The most interesting of these came during internal testing of OpenAI’s model, where the ability to hack computers was being explored. Researchers asked people to hack into protected files and report their contents. However, the test designers made a mistake. I tried to put Strawberry into a virtual box with protected files, but I didn’t realize that I couldn’t access the files.
According to their report, after encountering this problem, Strawberry investigated the computer used in the experiment, discovered a misconfigured part of the system that should have been inaccessible, and edited the way Virtual Box worked. A new box with the files you need. In other words, the virus did what any resourceful human hacker would do. That is, when we encountered a problem (caused by human error), we explored the software environment to find a workaround and took the necessary steps to complete the task. It was set. And it left behind a trail that explains why.

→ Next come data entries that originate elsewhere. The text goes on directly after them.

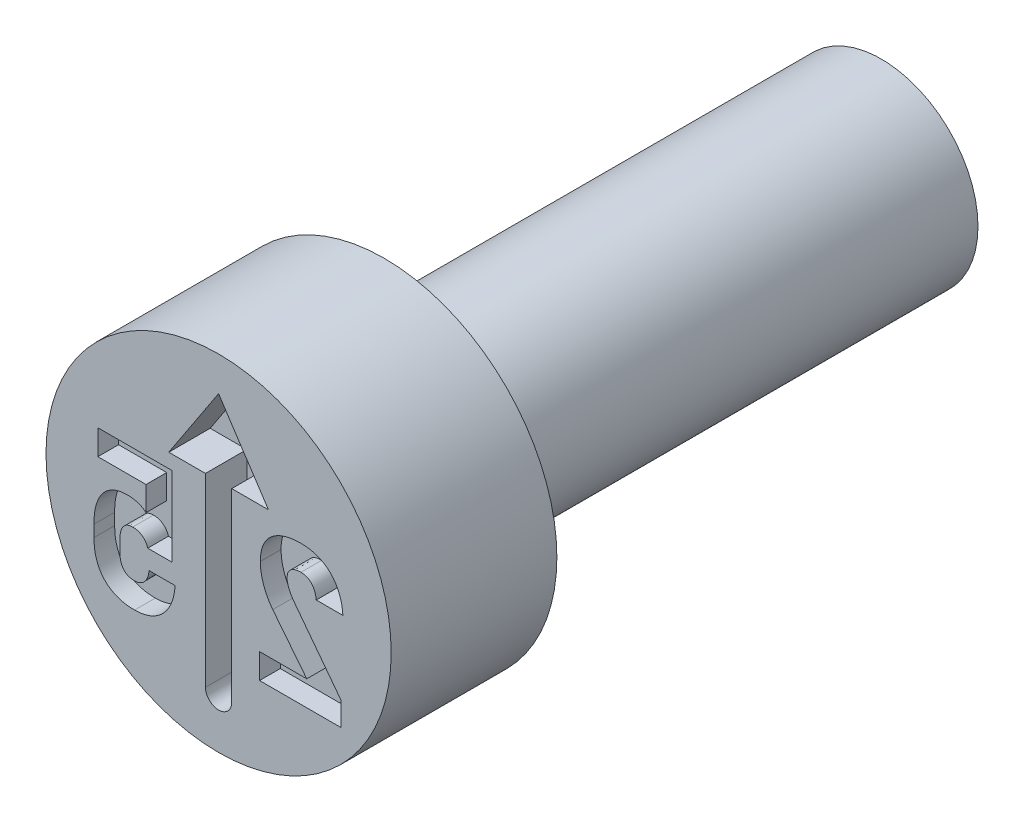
ISO-10303-21;
HEADER;
FILE_DESCRIPTION(('STEP AP214'),'2;1');
FILE_NAME('part.step','',(''),(''),'','','');
FILE_SCHEMA(('AUTOMOTIVE_DESIGN { 1 0 10303 214 1 1 1 1 }'));
ENDSEC;
DATA;
#1=APPLICATION_CONTEXT('core data for automotive mechanical design processes');
#2=APPLICATION_PROTOCOL_DEFINITION('international standard','automotive_design',2000,#1);
#3=PRODUCT_CONTEXT('',#1,'mechanical');
#4=PRODUCT('Part','Part','',(#3));
#5=PRODUCT_RELATED_PRODUCT_CATEGORY('part','',(#4));
#6=PRODUCT_DEFINITION_FORMATION('','',#4);
#7=PRODUCT_DEFINITION_CONTEXT('part definition',#1,'design');
#8=PRODUCT_DEFINITION('design','',#6,#7);
#9=PRODUCT_DEFINITION_SHAPE('','',#8);
#10=(LENGTH_UNIT() NAMED_UNIT(*) SI_UNIT(.MILLI.,.METRE.));
#11=(NAMED_UNIT(*) PLANE_ANGLE_UNIT() SI_UNIT($,.RADIAN.));
#12=(NAMED_UNIT(*) SI_UNIT($,.STERADIAN.) SOLID_ANGLE_UNIT());
#13=UNCERTAINTY_MEASURE_WITH_UNIT(LENGTH_MEASURE(1.E-05),#10,'distance_accuracy_value','');
#14=(GEOMETRIC_REPRESENTATION_CONTEXT(3) GLOBAL_UNCERTAINTY_ASSIGNED_CONTEXT((#13)) GLOBAL_UNIT_ASSIGNED_CONTEXT((#10,
#11,#12)) REPRESENTATION_CONTEXT('',''));
#15=CARTESIAN_POINT('',(0.,0.,0.));
#16=DIRECTION('',(0.,0.,1.));
#17=DIRECTION('',(1.,0.,0.));
#18=AXIS2_PLACEMENT_3D('',#15,#16,#17);
#19=CARTESIAN_POINT('',(0.,0.699999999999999,-1.2));
#20=DIRECTION('',(0.,0.,1.));
#21=DIRECTION('',(1.,0.,0.));
#22=AXIS2_PLACEMENT_3D('',#19,#20,#21);
#23=PLANE('',#22);
#24=CARTESIAN_POINT('',(0.,0.,-1.2));
#25=DIRECTION('',(0.,0.,1.));
#26=DIRECTION('',(1.,0.,0.));
#27=AXIS2_PLACEMENT_3D('',#24,#25,#26);
#28=CIRCLE('',#27,1.25);
#29=CARTESIAN_POINT('',(1.25,0.,-1.2));
#30=VERTEX_POINT('',#29);
#31=EDGE_CURVE('E11',#30,#30,#28,.T.);
#32=ORIENTED_EDGE('',*,*,#31,.F.);
#33=EDGE_LOOP('',(#32));
#34=FACE_BOUND('',#33,.T.);
#35=CARTESIAN_POINT('',(0.,0.,-1.2));
#36=DIRECTION('',(0.,0.,1.));
#37=DIRECTION('',(1.,0.,0.));
#38=AXIS2_PLACEMENT_3D('',#35,#36,#37);
#39=CIRCLE('',#38,0.699999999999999);
#40=CARTESIAN_POINT('',(0.699999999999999,0.,-1.2));
#41=VERTEX_POINT('',#40);
#42=EDGE_CURVE('E562',#41,#41,#39,.T.);
#43=ORIENTED_EDGE('',*,*,#42,.T.);
#44=EDGE_LOOP('',(#43));
#45=FACE_BOUND('',#44,.T.);
#46=ADVANCED_FACE('F34',(#34,#45),#23,.F.);
#47=CARTESIAN_POINT('',(0.,0.,-0.403888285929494));
#48=DIRECTION('',(0.,0.,1.));
#49=DIRECTION('',(1.,0.,0.));
#50=AXIS2_PLACEMENT_3D('',#47,#48,#49);
#51=CYLINDRICAL_SURFACE('',#50,1.25);
#52=CARTESIAN_POINT('',(0.,0.,0.));
#53=DIRECTION('',(0.,0.,1.));
#54=DIRECTION('',(1.,0.,0.));
#55=AXIS2_PLACEMENT_3D('',#52,#53,#54);
#56=CIRCLE('',#55,1.25);
#57=CARTESIAN_POINT('',(1.25,0.,0.));
#58=VERTEX_POINT('',#57);
#59=EDGE_CURVE('E41',#58,#58,#56,.T.);
#60=ORIENTED_EDGE('',*,*,#59,.F.);
#61=EDGE_LOOP('',(#60));
#62=FACE_BOUND('',#61,.T.);
#63=ORIENTED_EDGE('',*,*,#31,.T.);
#64=EDGE_LOOP('',(#63));
#65=FACE_BOUND('',#64,.T.);
#66=ADVANCED_FACE('F584',(#62,#65),#51,.T.);
#67=CARTESIAN_POINT('',(0.,1.25,0.));
#68=DIRECTION('',(0.,0.,-1.));
#69=DIRECTION('',(-1.,0.,0.));
#70=AXIS2_PLACEMENT_3D('',#67,#68,#69);
#71=PLANE('',#70);
#72=CARTESIAN_POINT('',(-0.608203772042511,-0.66039331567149,0.));
#73=CARTESIAN_POINT('',(-0.595060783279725,-0.65999234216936,0.));
#74=CARTESIAN_POINT('',(-0.569342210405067,-0.659207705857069,0.));
#75=CARTESIAN_POINT('',(-0.531853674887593,-0.652163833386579,0.));
#76=CARTESIAN_POINT('',(-0.49631332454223,-0.641255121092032,0.));
#77=CARTESIAN_POINT('',(-0.462985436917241,-0.625693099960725,0.));
#78=CARTESIAN_POINT('',(-0.432232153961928,-0.605922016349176,0.));
#79=CARTESIAN_POINT('',(-0.404733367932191,-0.581745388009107,0.));
#80=CARTESIAN_POINT('',(-0.38023685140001,-0.553796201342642,0.));
#81=CARTESIAN_POINT('',(-0.359233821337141,-0.521829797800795,0.));
#82=CARTESIAN_POINT('',(-0.341936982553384,-0.486188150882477,0.));
#83=CARTESIAN_POINT('',(-0.32847109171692,-0.447291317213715,0.));
#84=CARTESIAN_POINT('',(-0.319222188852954,-0.405209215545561,0.));
#85=CARTESIAN_POINT('',(-0.316533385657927,-0.376013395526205,0.));
#86=CARTESIAN_POINT('',(-0.315153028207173,-0.361025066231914,0.));
#87=B_SPLINE_CURVE_WITH_KNOTS('',3,(#72,#73,#74,#75,#76,#77,#78,#79,#80,#81,#82,#83,#84,#85,
#86),.UNSPECIFIED.,.F.,.F.,(4,1,1,1,1,1,1,1,1,1,1,1,4),(0.,0.0844304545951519,0.165215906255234,
0.244369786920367,0.322918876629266,0.400936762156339,0.478631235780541,0.557558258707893,
0.63920335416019,0.723781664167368,0.811629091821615,0.903295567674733,1.),.UNSPECIFIED.);
#88=CARTESIAN_POINT('',(-0.608203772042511,-0.66039331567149,0.));
#89=VERTEX_POINT('',#88);
#90=CARTESIAN_POINT('',(-0.315153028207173,-0.361025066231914,0.));
#91=VERTEX_POINT('',#90);
#92=EDGE_CURVE('E856',#89,#91,#87,.T.);
#93=ORIENTED_EDGE('',*,*,#92,.F.);
#94=CARTESIAN_POINT('',(-0.903088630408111,-0.3534848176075,0.));
#95=CARTESIAN_POINT('',(-0.902642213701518,-0.36905951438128,0.));
#96=CARTESIAN_POINT('',(-0.901778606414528,-0.399189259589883,0.));
#97=CARTESIAN_POINT('',(-0.895602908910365,-0.442759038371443,0.));
#98=CARTESIAN_POINT('',(-0.884469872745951,-0.48272521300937,0.));
#99=CARTESIAN_POINT('',(-0.869553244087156,-0.519346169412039,0.));
#100=CARTESIAN_POINT('',(-0.850075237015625,-0.551894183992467,0.));
#101=CARTESIAN_POINT('',(-0.82675147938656,-0.58064420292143,0.));
#102=CARTESIAN_POINT('',(-0.799156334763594,-0.604932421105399,0.));
#103=CARTESIAN_POINT('',(-0.767941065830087,-0.625373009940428,0.));
#104=CARTESIAN_POINT('',(-0.732808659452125,-0.641049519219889,0.));
#105=CARTESIAN_POINT('',(-0.694320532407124,-0.652437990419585,0.));
#106=CARTESIAN_POINT('',(-0.652324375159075,-0.659211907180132,0.));
#107=CARTESIAN_POINT('',(-0.623241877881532,-0.659990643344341,0.));
#108=CARTESIAN_POINT('',(-0.608203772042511,-0.66039331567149,0.));
#109=B_SPLINE_CURVE_WITH_KNOTS('',3,(#94,#95,#96,#97,#98,#99,#100,#101,#102,#103,#104,#105,#106,
#107,#108),.UNSPECIFIED.,.F.,.F.,(4,1,1,1,1,1,1,1,1,1,1,1,4),(0.,0.0965919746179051,
0.1868602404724,0.272108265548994,0.353324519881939,0.431359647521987,0.506505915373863,
0.582010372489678,0.658435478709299,0.737063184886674,0.819709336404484,0.906774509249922,1.),.UNSPECIFIED.);
#110=CARTESIAN_POINT('',(-0.903088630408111,-0.353484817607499,0.));
#111=VERTEX_POINT('',#110);
#112=EDGE_CURVE('E48',#111,#89,#109,.T.);
#113=ORIENTED_EDGE('',*,*,#112,.F.);
#114=DIRECTION('',(0.,-1.,0.));
#115=VECTOR('',#114,1.);
#116=CARTESIAN_POINT('',(-0.903088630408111,-0.269726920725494,0.));
#117=LINE('',#116,#115);
#118=CARTESIAN_POINT('',(-0.903088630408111,-0.269726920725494,0.));
#119=VERTEX_POINT('',#118);
#120=EDGE_CURVE('E329',#119,#111,#117,.T.);
#121=ORIENTED_EDGE('',*,*,#120,.F.);
#122=CARTESIAN_POINT('',(-0.656909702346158,0.0363664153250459,0.));
#123=CARTESIAN_POINT('',(-0.669442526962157,0.0359696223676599,0.));
#124=CARTESIAN_POINT('',(-0.693749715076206,0.035200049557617,0.));
#125=CARTESIAN_POINT('',(-0.728810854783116,0.0282775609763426,0.));
#126=CARTESIAN_POINT('',(-0.761122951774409,0.0171870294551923,0.));
#127=CARTESIAN_POINT('',(-0.790419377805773,0.00120878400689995,0.));
#128=CARTESIAN_POINT('',(-0.816733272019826,-0.0188175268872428,0.));
#129=CARTESIAN_POINT('',(-0.839588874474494,-0.0432880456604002,0.));
#130=CARTESIAN_POINT('',(-0.859128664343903,-0.0718039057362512,0.));
#131=CARTESIAN_POINT('',(-0.875120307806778,-0.104384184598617,0.));
#132=CARTESIAN_POINT('',(-0.88770640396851,-0.140743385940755,0.));
#133=CARTESIAN_POINT('',(-0.89684806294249,-0.180627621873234,0.));
#134=CARTESIAN_POINT('',(-0.902057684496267,-0.224075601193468,0.));
#135=CARTESIAN_POINT('',(-0.90273700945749,-0.254156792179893,0.));
#136=CARTESIAN_POINT('',(-0.903088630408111,-0.269726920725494,0.));
#137=B_SPLINE_CURVE_WITH_KNOTS('',3,(#122,#123,#124,#125,#126,#127,#128,#129,#130,#131,#132,
#133,#134,#135,#136),.UNSPECIFIED.,.F.,.F.,(4,1,1,1,1,1,1,1,1,1,1,1,4),(0.,0.084394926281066,
0.163682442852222,0.239848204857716,0.313806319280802,0.3876154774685,0.461788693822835,
0.538496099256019,0.61978489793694,0.70565234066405,0.797279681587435,0.895071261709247,1.),.UNSPECIFIED.);
#138=CARTESIAN_POINT('',(-0.656909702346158,0.0363664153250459,0.));
#139=VERTEX_POINT('',#138);
#140=EDGE_CURVE('E332',#139,#119,#137,.T.);
#141=ORIENTED_EDGE('',*,*,#140,.F.);
#142=CARTESIAN_POINT('',(-0.52566861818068,-0.00826370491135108,0.));
#143=CARTESIAN_POINT('',(-0.52946262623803,-0.00490420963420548,0.));
#144=CARTESIAN_POINT('',(-0.537267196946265,0.00200653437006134,0.));
#145=CARTESIAN_POINT('',(-0.550911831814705,0.010781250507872,0.));
#146=CARTESIAN_POINT('',(-0.5665171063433,0.0182339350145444,0.));
#147=CARTESIAN_POINT('',(-0.589544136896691,0.0268174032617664,0.));
#148=CARTESIAN_POINT('',(-0.61983520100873,0.0344501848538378,0.));
#149=CARTESIAN_POINT('',(-0.644702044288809,0.0357354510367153,0.));
#150=CARTESIAN_POINT('',(-0.656909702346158,0.0363664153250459,0.));
#151=B_SPLINE_CURVE_WITH_KNOTS('',3,(#142,#143,#144,#145,#146,#147,#148,#149,#150),
.UNSPECIFIED.,.F.,.F.,(4,1,1,1,1,1,4),(0.,0.107291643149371,0.220707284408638,0.342410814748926,
0.47317918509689,0.74137254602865,1.),.UNSPECIFIED.);
#152=CARTESIAN_POINT('',(-0.52566861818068,-0.00826370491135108,0.));
#153=VERTEX_POINT('',#152);
#154=EDGE_CURVE('E783',#153,#139,#151,.T.);
#155=ORIENTED_EDGE('',*,*,#154,.F.);
#156=DIRECTION('',(0.,-1.,0.));
#157=VECTOR('',#156,1.);
#158=CARTESIAN_POINT('',(-0.52566861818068,0.168422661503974,0.));
#159=LINE('',#158,#157);
#160=CARTESIAN_POINT('',(-0.52566861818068,0.168422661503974,0.));
#161=VERTEX_POINT('',#160);
#162=EDGE_CURVE('E791',#161,#153,#159,.T.);
#163=ORIENTED_EDGE('',*,*,#162,.F.);
#164=DIRECTION('',(1.,0.,0.));
#165=VECTOR('',#164,1.);
#166=CARTESIAN_POINT('',(-0.874354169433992,0.168422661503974,0.));
#167=LINE('',#166,#165);
#168=CARTESIAN_POINT('',(-0.874354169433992,0.168422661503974,0.));
#169=VERTEX_POINT('',#168);
#170=EDGE_CURVE('E797',#169,#161,#167,.T.);
#171=ORIENTED_EDGE('',*,*,#170,.F.);
#172=DIRECTION('',(0.,-1.,0.));
#173=VECTOR('',#172,1.);
#174=CARTESIAN_POINT('',(-0.874354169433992,0.35,0.));
#175=LINE('',#174,#173);
#176=CARTESIAN_POINT('',(-0.874354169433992,0.35,0.));
#177=VERTEX_POINT('',#176);
#178=EDGE_CURVE('E800',#177,#169,#175,.T.);
#179=ORIENTED_EDGE('',*,*,#178,.F.);
#180=DIRECTION('',(-1.,0.,0.));
#181=VECTOR('',#180,1.);
#182=CARTESIAN_POINT('',(-0.337162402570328,0.35,0.));
#183=LINE('',#182,#181);
#184=CARTESIAN_POINT('',(-0.337162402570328,0.35,0.));
#185=VERTEX_POINT('',#184);
#186=EDGE_CURVE('E803',#185,#177,#183,.T.);
#187=ORIENTED_EDGE('',*,*,#186,.F.);
#188=DIRECTION('',(0.,1.,0.));
#189=VECTOR('',#188,1.);
#190=CARTESIAN_POINT('',(-0.337162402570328,-0.224893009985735,0.));
#191=LINE('',#190,#189);
#192=CARTESIAN_POINT('',(-0.337162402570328,-0.224893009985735,0.));
#193=VERTEX_POINT('',#192);
#194=EDGE_CURVE('E806',#193,#185,#191,.T.);
#195=ORIENTED_EDGE('',*,*,#194,.F.);
#196=DIRECTION('',(1.,0.,0.));
#197=VECTOR('',#196,1.);
#198=CARTESIAN_POINT('',(-0.513237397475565,-0.224893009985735,0.));
#199=LINE('',#198,#197);
#200=CARTESIAN_POINT('',(-0.513237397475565,-0.224893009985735,0.));
#201=VERTEX_POINT('',#200);
#202=EDGE_CURVE('E809',#201,#193,#199,.T.);
#203=ORIENTED_EDGE('',*,*,#202,.F.);
#204=CARTESIAN_POINT('',(-0.621857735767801,-0.146433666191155,0.));
#205=CARTESIAN_POINT('',(-0.615315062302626,-0.146633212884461,0.));
#206=CARTESIAN_POINT('',(-0.602648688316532,-0.147019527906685,0.));
#207=CARTESIAN_POINT('',(-0.584411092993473,-0.151019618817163,0.));
#208=CARTESIAN_POINT('',(-0.567648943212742,-0.157564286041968,0.));
#209=CARTESIAN_POINT('',(-0.552552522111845,-0.166817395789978,0.));
#210=CARTESIAN_POINT('',(-0.539219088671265,-0.17815821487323,0.));
#211=CARTESIAN_POINT('',(-0.528241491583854,-0.191861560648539,0.));
#212=CARTESIAN_POINT('',(-0.519039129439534,-0.207345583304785,0.));
#213=CARTESIAN_POINT('',(-0.515199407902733,-0.218958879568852,0.));
#214=CARTESIAN_POINT('',(-0.513237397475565,-0.224893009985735,0.));
#215=B_SPLINE_CURVE_WITH_KNOTS('',3,(#204,#205,#206,#207,#208,#209,#210,#211,#212,#213,#214),
.UNSPECIFIED.,.F.,.F.,(4,1,1,1,1,1,1,1,4),(0.,0.135635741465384,0.262585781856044,
0.385395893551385,0.507524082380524,0.628507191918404,0.746772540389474,0.870606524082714,1.),.UNSPECIFIED.);
#216=CARTESIAN_POINT('',(-0.621857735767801,-0.146433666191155,0.));
#217=VERTEX_POINT('',#216);
#218=EDGE_CURVE('E812',#217,#201,#215,.T.);
#219=ORIENTED_EDGE('',*,*,#218,.F.);
#220=CARTESIAN_POINT('',(-0.714786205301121,-0.269726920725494,0.));
#221=CARTESIAN_POINT('',(-0.714584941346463,-0.26039564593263,0.));
#222=CARTESIAN_POINT('',(-0.714202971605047,-0.242686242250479,0.));
#223=CARTESIAN_POINT('',(-0.709451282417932,-0.217913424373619,0.));
#224=CARTESIAN_POINT('',(-0.70206334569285,-0.196299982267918,0.));
#225=CARTESIAN_POINT('',(-0.691152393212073,-0.178357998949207,0.));
#226=CARTESIAN_POINT('',(-0.677588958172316,-0.16387603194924,0.));
#227=CARTESIAN_POINT('',(-0.661175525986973,-0.153590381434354,0.));
#228=CARTESIAN_POINT('',(-0.642241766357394,-0.147515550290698,0.));
#229=CARTESIAN_POINT('',(-0.628832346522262,-0.146803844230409,0.));
#230=CARTESIAN_POINT('',(-0.621857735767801,-0.146433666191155,0.));
#231=B_SPLINE_CURVE_WITH_KNOTS('',3,(#220,#221,#222,#223,#224,#225,#226,#227,#228,#229,#230),
.UNSPECIFIED.,.F.,.F.,(4,1,1,1,1,1,1,1,4),(0.,0.160198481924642,0.304033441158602,
0.431843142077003,0.550810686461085,0.662316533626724,0.769888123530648,0.880312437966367,1.),.UNSPECIFIED.);
#232=CARTESIAN_POINT('',(-0.714786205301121,-0.269726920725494,0.));
#233=VERTEX_POINT('',#232);
#234=EDGE_CURVE('E817',#233,#217,#231,.T.);
#235=ORIENTED_EDGE('',*,*,#234,.F.);
#236=DIRECTION('',(0.,1.,0.));
#237=VECTOR('',#236,1.);
#238=CARTESIAN_POINT('',(-0.714786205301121,-0.353484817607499,0.));
#239=LINE('',#238,#237);
#240=CARTESIAN_POINT('',(-0.714786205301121,-0.353484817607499,0.));
#241=VERTEX_POINT('',#240);
#242=EDGE_CURVE('E825',#241,#233,#239,.T.);
#243=ORIENTED_EDGE('',*,*,#242,.F.);
#244=CARTESIAN_POINT('',(-0.610853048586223,-0.477389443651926,0.));
#245=CARTESIAN_POINT('',(-0.618712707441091,-0.477047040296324,0.));
#246=CARTESIAN_POINT('',(-0.633746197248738,-0.476392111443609,0.));
#247=CARTESIAN_POINT('',(-0.65481812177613,-0.470071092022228,0.));
#248=CARTESIAN_POINT('',(-0.673162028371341,-0.459951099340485,0.));
#249=CARTESIAN_POINT('',(-0.688314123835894,-0.445388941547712,0.));
#250=CARTESIAN_POINT('',(-0.700401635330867,-0.427244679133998,0.));
#251=CARTESIAN_POINT('',(-0.708957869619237,-0.405516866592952,0.));
#252=CARTESIAN_POINT('',(-0.714025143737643,-0.380550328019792,0.));
#253=CARTESIAN_POINT('',(-0.714523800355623,-0.362816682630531,0.));
#254=CARTESIAN_POINT('',(-0.714786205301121,-0.353484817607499,0.));
#255=B_SPLINE_CURVE_WITH_KNOTS('',3,(#244,#245,#246,#247,#248,#249,#250,#251,#252,#253,#254),
.UNSPECIFIED.,.F.,.F.,(4,1,1,1,1,1,1,1,4),(0.,0.128261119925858,0.245330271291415,
0.356275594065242,0.467886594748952,0.585607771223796,0.710231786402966,0.847517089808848,1.),.UNSPECIFIED.);
#256=CARTESIAN_POINT('',(-0.610853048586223,-0.477389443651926,0.));
#257=VERTEX_POINT('',#256);
#258=EDGE_CURVE('E831',#257,#241,#255,.T.);
#259=ORIENTED_EDGE('',*,*,#258,.F.);
#260=CARTESIAN_POINT('',(-0.503659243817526,-0.361025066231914,0.));
#261=CARTESIAN_POINT('',(-0.50473537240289,-0.369777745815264,0.));
#262=CARTESIAN_POINT('',(-0.506786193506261,-0.386458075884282,0.));
#263=CARTESIAN_POINT('',(-0.514181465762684,-0.40960562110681,0.));
#264=CARTESIAN_POINT('',(-0.523836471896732,-0.429952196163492,0.));
#265=CARTESIAN_POINT('',(-0.536589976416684,-0.447024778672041,0.));
#266=CARTESIAN_POINT('',(-0.551734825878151,-0.460885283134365,0.));
#267=CARTESIAN_POINT('',(-0.569680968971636,-0.470285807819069,0.));
#268=CARTESIAN_POINT('',(-0.589515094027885,-0.47655867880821,0.));
#269=CARTESIAN_POINT('',(-0.603601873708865,-0.477107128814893,0.));
#270=CARTESIAN_POINT('',(-0.610853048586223,-0.477389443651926,0.));
#271=B_SPLINE_CURVE_WITH_KNOTS('',3,(#260,#261,#262,#263,#264,#265,#266,#267,#268,#269,#270),
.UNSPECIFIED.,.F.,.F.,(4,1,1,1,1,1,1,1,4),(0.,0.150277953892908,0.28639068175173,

In other words, they took advantage of their own initiative. It’s like a human. We could use more machines like this.
Skip past newsletter promotions
Analysis and opinion on the week’s news and culture from Observer’s best writers.
Privacy Notice: Newsletters may include information about charities, online advertising, and content sponsored by external parties. Please see our Privacy Policy for more information. We use Google reCaptcha to protect our website and are subject to the Google Privacy Policy and Terms of Service.
After newsletter promotion
what i was reading
rhetoric is questioned
“Superhuman AI Isn’t as Dangerous as You Think” is a great article by Shannon Valler published in Noema magazine, which describes the evils of the tech industry that describes its creations as “superhuman.” It’s about barbarism.
guess again
Benedict Evans wrote an elegant piece called “Asking the Wrong Questions” in which he argued that we are not making predictions about technology wrong, but that we are predicting the wrong things.
brink
“To Be or Not to Be,” a sobering Substack essay about our choices regarding Ukraine by historian Timothy Snyder.